Database Corruption in MS Exchange 2007 Databases...

DWTCIT
DWTCIT asked
on
Medium Priority
2,517 Views
Last Modified: 2012-05-06
Hi,

We are running a two node clustered mailbox configuration on Windows 2003 EE x64 SP2, MS Exchange 2007 SP1. We noticed that in the last week, several of our databases are getting corrupted we are having serious downtime on our email. The error which seems to be coming up in the Application Log most often is :

Event Type:      Error
Event Source:      ESE
Event Category:      Database Corruption
Event ID:      467
Date:            2/16/2009
Time:            10:57:43 AM
User:            N/A
Computer:      DWTCEXCMB2
Description:
MSExchangeIS (3560) Third Storage Group: Database U:\Third Storage Group\Mailbox Database 8.edb: Index Content Indexing Property Store Deleted Items index of table I-3-1 is corrupted (0).

For more information, click http://www.microsoft.com/contentredirect.asp.


We have 5 Storage Groups with more than 16 databases - total approximate size of Exchange DBs is about 1.4TB (yes it is huuuuge!).

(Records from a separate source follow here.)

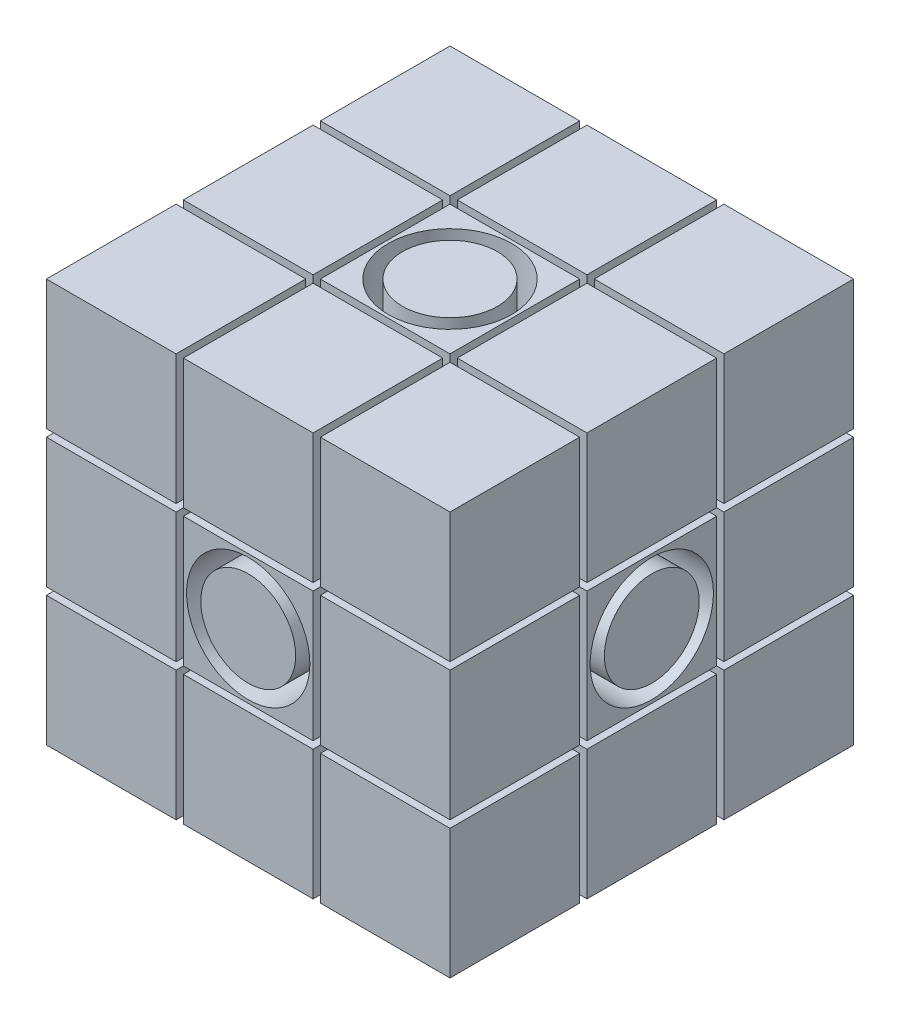
from build123d import *

# Parameters (mm, degrees)
SKETCH1_W           = 55.3
SKETCH1_H           = 55.3
BOSS_EXTRUDE1_DEPTH = 27.65
SKETCH2_R           = 8.45
SKETCH2_R_2         = 6.5
CUT_EXTRUDE2_DEPTH  = 9.5
CUT_EXTRUDE3_START  = -9.5
SKETCH3_R           = 8.45
SKETCH3_R_2         = 6.5
CUT_EXTRUDE3_DEPTH  = 9.5
SKETCH4_R           = 8.45
SKETCH4_R_2         = 6.5
CUT_EXTRUDE4_DEPTH  = 9.5
CUT_EXTRUDE5_START  = -9.5
SKETCH5_R           = 8.45
SKETCH5_R_2         = 6.5
CUT_EXTRUDE5_DEPTH  = 9.5
SKETCH6_R           = 8.45
SKETCH6_R_2         = 6.5
CUT_EXTRUDE6_DEPTH  = 9.5
CUT_EXTRUDE7_START  = -9.5
SKETCH7_R           = 8.45
SKETCH7_R_2         = 6.5
CUT_EXTRUDE7_DEPTH  = 9.5
SKETCH8_W           = 17.76666667
SKETCH8_H           = 17.76666667
CUT_EXTRUDE8_DEPTH  = 30
SKETCH10_W          = 55.3
SKETCH10_H          = 1
CUT_EXTRUDE9_DEPTH  = 60


with BuildPart() as part:
    # Sketch1 → Boss-Extrude1 (new, symmetric)
    with BuildSketch(Plane(origin=(0, 0, 0), x_dir=(1, 0, 0), z_dir=(0, 1, 0))):
        Rectangle(SKETCH1_W, SKETCH1_H)
    extrude(amount=BOSS_EXTRUDE1_DEPTH, both=True)

    # Sketch2 → Cut-Extrude2 (cut)
    with BuildSketch(Plane(origin=(0, 27.65, 0), x_dir=(1, 0, 0), z_dir=(0, 1, 0))):
        with Locations(Location((0, 0, 0), (0, 0, 270))):
            Circle(SKETCH2_R)
        with Locations(Location((0, 0, 0), (0, 0, 270))):
            Circle(SKETCH2_R_2, mode=Mode.SUBTRACT)
    extrude(amount=-CUT_EXTRUDE2_DEPTH, mode=Mode.SUBTRACT)

    # Sketch3 → Cut-Extrude3 (cut)
    with BuildSketch(Plane.XZ.offset(27.65).offset(CUT_EXTRUDE3_START)):
        with Locations(Location((0, 0, 0), (0, 0, 90))):
            Circle(SKETCH3_R)
        with Locations(Location((0, 0, 0), (0, 0, 90))):
            Circle(SKETCH3_R_2, mode=Mode.SUBTRACT)
    extrude(amount=CUT_EXTRUDE3_DEPTH, mode=Mode.SUBTRACT)

    # Sketch4 → Cut-Extrude4 (cut)
    with BuildSketch(Plane(origin=(27.65, 0, 0), x_dir=(0, 0, -1), z_dir=(1, 0, 0))):
        Circle(SKETCH4_R)
        Circle(SKETCH4_R_2, mode=Mode.SUBTRACT)
    extrude(amount=-CUT_EXTRUDE4_DEPTH, mode=Mode.SUBTRACT)

    # Sketch5 → Cut-Extrude5 (cut)
    with BuildSketch(Plane.ZY.offset(27.65).offset(CUT_EXTRUDE5_START)):
        with Locations(Location((0, 0, 0), (0, 0, 180))):
            Circle(SKETCH5_R)
        with Locations(Location((0, 0, 0), (0, 0, 180))):
            Circle(SKETCH5_R_2, mode=Mode.SUBTRACT)
    extrude(amount=CUT_EXTRUDE5_DEPTH, mode=Mode.SUBTRACT)

    # Sketch6 → Cut-Extrude6 (cut)
    with BuildSketch(Plane.XY.offset(27.65)):
        Circle(SKETCH6_R)
        Circle(SKETCH6_R_2, mode=Mode.SUBTRACT)
    extrude(amount=-CUT_EXTRUDE6_DEPTH, mode=Mode.SUBTRACT)

    # Sketch7 → Cut-Extrude7 (cut)
    with BuildSketch(Plane(origin=(0, 0, -27.65), x_dir=(-1, 0, 0), z_dir=(0, 0, -1)).offset(CUT_EXTRUDE7_START)):
        with Locations(Location((0, 0, 0), (0, 0, 180))):
            Circle(SKETCH7_R)
        with Locations(Location((0, 0, 0), (0, 0, 180))):
            Circle(SKETCH7_R_2, mode=Mode.SUBTRACT)
    extrude(amount=CUT_EXTRUDE7_DEPTH, mode=Mode.SUBTRACT)

    # Sketch8 → Cut-Extrude8 (cut, symmetric)
    with BuildSketch(Plane(origin=(0, 0, 0), x_dir=(1, 0, 0), z_dir=(0, 1, 0))):
        Polygon((-9.88333333, 27.65), (-9.88333333, 9.883333333), (-27.65, 9.883333333), (-27.65, 8.883333333), (-9.88333334, 8.883333333), (-9.88333334, -8.883333337), (-27.65, -8.883333337), (-27.65, -9.883333337), (-9.88333334, -9.883333337), (-9.88333334, -27.650000007), (-8.88333334, -27.65), (-8.88333334, -9.883333337), (8.88333333, -9.883333337), (8.88333333, -27.65), (9.88333333, -27.65), (9.88333333, -9.883333337), (27.65, -9.883333337), (27.65, -8.883333337), (9.88333333, -8.883333337), (9.88333333, 8.883333333), (27.65, 8.883333333), (27.65, 9.883333333), (9.88333334, 9.883333333), (9.88333334, 27.65), (8.88333334, 27.65), (8.88333334, 9.883333333), (-8.88333333, 9.883333333), (-8.88333333, 27.65), align=None)
        with Locations((-5e-09, -2e-09)):
            Rectangle(SKETCH8_W, SKETCH8_H, mode=Mode.SUBTRACT)
    extrude(amount=CUT_EXTRUDE8_DEPTH, both=True, mode=Mode.SUBTRACT)


with BuildPart() as cut_extrude8_piece_1:
    # of the separate pieces the step leaves, piece 1, a body of its own (cut_extrude8_pieces)
    add(part.part.solids().sort_by_distance((-27.65, -27.65, -27.65))[0])


with BuildPart() as cut_extrude8_piece_2:
    # of the separate pieces the step leaves, piece 2, a body of its own (cut_extrude8_pieces)
    add(part.part.solids().sort_by_distance((27.65, 27.65, 9.883333337))[0])


with BuildPart() as cut_extrude8_piece_3:
    # of the separate pieces the step leaves, piece 3, a body of its own (cut_extrude8_pieces)
    add(part.part.solids().sort_by_distance((9.88333334, 27.65, -27.65))[0])


with BuildPart() as cut_extrude8_piece_4:
    # of the separate pieces the step leaves, piece 4, a body of its own (cut_extrude8_pieces)
    add(part.part.solids().sort_by_distance((-27.65, 27.65, 27.65))[0])


with BuildPart() as cut_extrude8_piece_5:
    # of the separate pieces the step leaves, piece 5, a body of its own (cut_extrude8_pieces)
    add(part.part.solids().sort_by_distance((27.65, 27.65, -8.883333333))[0])


with BuildPart() as cut_extrude8_piece_6:
    # of the separate pieces the step leaves, piece 6, a body of its own (cut_extrude8_pieces)
    add(part.part.solids().sort_by_distance((-8.88333333, 27.65, -27.65))[0])


with BuildPart() as cut_extrude8_piece_7:
    # of the separate pieces the step leaves, piece 7, a body of its own (cut_extrude8_pieces)
    add(part.part.solids().sort_by_distance((8.88333333, 27.65, 27.65))[0])


with BuildPart() as cut_extrude8_piece_8:
    # of the separate pieces the step leaves, piece 8, a body of its own (cut_extrude8_pieces)
    add(part.part.solids().sort_by_distance((-27.65, -27.65, 8.883333337))[0])


with BuildPart() as cut_extrude8_piece_9:
    # of the separate pieces the step leaves, piece 9, a body of its own (cut_extrude8_pieces)
    add(part.part.solids().sort_by_distance((-8.88333334, 27.65, -8.883333333))[0])


with BuildPart() as cut_extrude9_tool:
    # Sketch10 → Cut-Extrude9 (new, symmetric)
    with BuildSketch(Plane.XY):
        with Locations((0, 9.38333333)):
            Rectangle(SKETCH10_W, SKETCH10_H)
        with Locations((0, -9.38333334)):
            Rectangle(SKETCH10_W, SKETCH10_H)
    extrude(amount=CUT_EXTRUDE9_DEPTH, both=True)


with BuildPart() as cut_extrude8_piece_1_1:
    add(cut_extrude8_piece_1.part)

    # Cut-Extrude9: cut by cut_extrude9_tool
    add(cut_extrude9_tool.part, mode=Mode.SUBTRACT)


with BuildPart() as cut_extrude8_piece_2_1:
    add(cut_extrude8_piece_2.part)

    # Cut-Extrude9: cut by cut_extrude9_tool
    add(cut_extrude9_tool.part, mode=Mode.SUBTRACT)


with BuildPart() as cut_extrude8_piece_3_1:
    add(cut_extrude8_piece_3.part)

    # Cut-Extrude9: cut by cut_extrude9_tool
    add(cut_extrude9_tool.part, mode=Mode.SUBTRACT)


with BuildPart() as cut_extrude8_piece_4_1:
    add(cut_extrude8_piece_4.part)

    # Cut-Extrude9: cut by cut_extrude9_tool
    add(cut_extrude9_tool.part, mode=Mode.SUBTRACT)


with BuildPart() as cut_extrude8_piece_5_1:
    add(cut_extrude8_piece_5.part)

    # Cut-Extrude9: cut by cut_extrude9_tool
    add(cut_extrude9_tool.part, mode=Mode.SUBTRACT)


with BuildPart() as cut_extrude8_piece_6_1:
    add(cut_extrude8_piece_6.part)

    # Cut-Extrude9: cut by cut_extrude9_tool
    add(cut_extrude9_tool.part, mode=Mode.SUBTRACT)


with BuildPart() as cut_extrude8_piece_7_1:
    add(cut_extrude8_piece_7.part)

    # Cut-Extrude9: cut by cut_extrude9_tool
    add(cut_extrude9_tool.part, mode=Mode.SUBTRACT)


with BuildPart() as cut_extrude8_piece_8_1:
    add(cut_extrude8_piece_8.part)

    # Cut-Extrude9: cut by cut_extrude9_tool
    add(cut_extrude9_tool.part, mode=Mode.SUBTRACT)


with BuildPart() as cut_extrude8_piece_9_1:
    add(cut_extrude8_piece_9.part)

    # Cut-Extrude9: cut by cut_extrude9_tool
    add(cut_extrude9_tool.part, mode=Mode.SUBTRACT)


solid = Compound([cut_extrude8_piece_1_1.part, cut_extrude8_piece_2_1.part, cut_extrude8_piece_3_1.part, cut_extrude8_piece_4_1.part, cut_extrude8_piece_5_1.part, cut_extrude8_piece_6_1.part, cut_extrude8_piece_7_1.part, cut_extrude8_piece_8_1.part, cut_extrude8_piece_9_1.part])

We are repairing these databases with ESEUtil and we are able to recover them but it takes several hours and after that they get corrupted again or other databases get corrupted.

Any advice on where we should be looking to figure out this error message. There are hundreds of these messages in the event viewer.

Comment
Watch Question

SurajSenior System Engineer
CERTIFIED EXPERT

Commented:
Try to Follow this Microsoft Article...
http://support.microsoft.com/kb/329817

There are two ways to resolve this issue :
1)
we have to run ISISNTEG which will
help to remove logical corruption from database

2) create a new store and move all the maliboxes to that store.. and then discard this store...
The reason i said this is ... when we move mail box to a diff store.. it leaves behind all the corruption.
So the mailboxes which are moved would be perfectly clean with out corruption...

-x

Author

Commented:
Dear x-sam,

Thanks for your reply. We have tried both options separately and have had corruptions in same (and other databases) after these tasks were completed successfully.

Thanks for your help.
SurajSenior System Engineer
CERTIFIED EXPERT

Commented:

Perfect.. so is the issue resolved or u stil have any problem?

Author

Commented:
Hi x-sam,

No the problem is still there - the corruptions keep coming back after we completed the tasks you mentioned. We had tried these about two nights ago and the database was fine (clean) but the errors returned and db is now corrupted again :-(

Any other ideas?

Commented:
Sounds like a hardware (disk) or third party issue.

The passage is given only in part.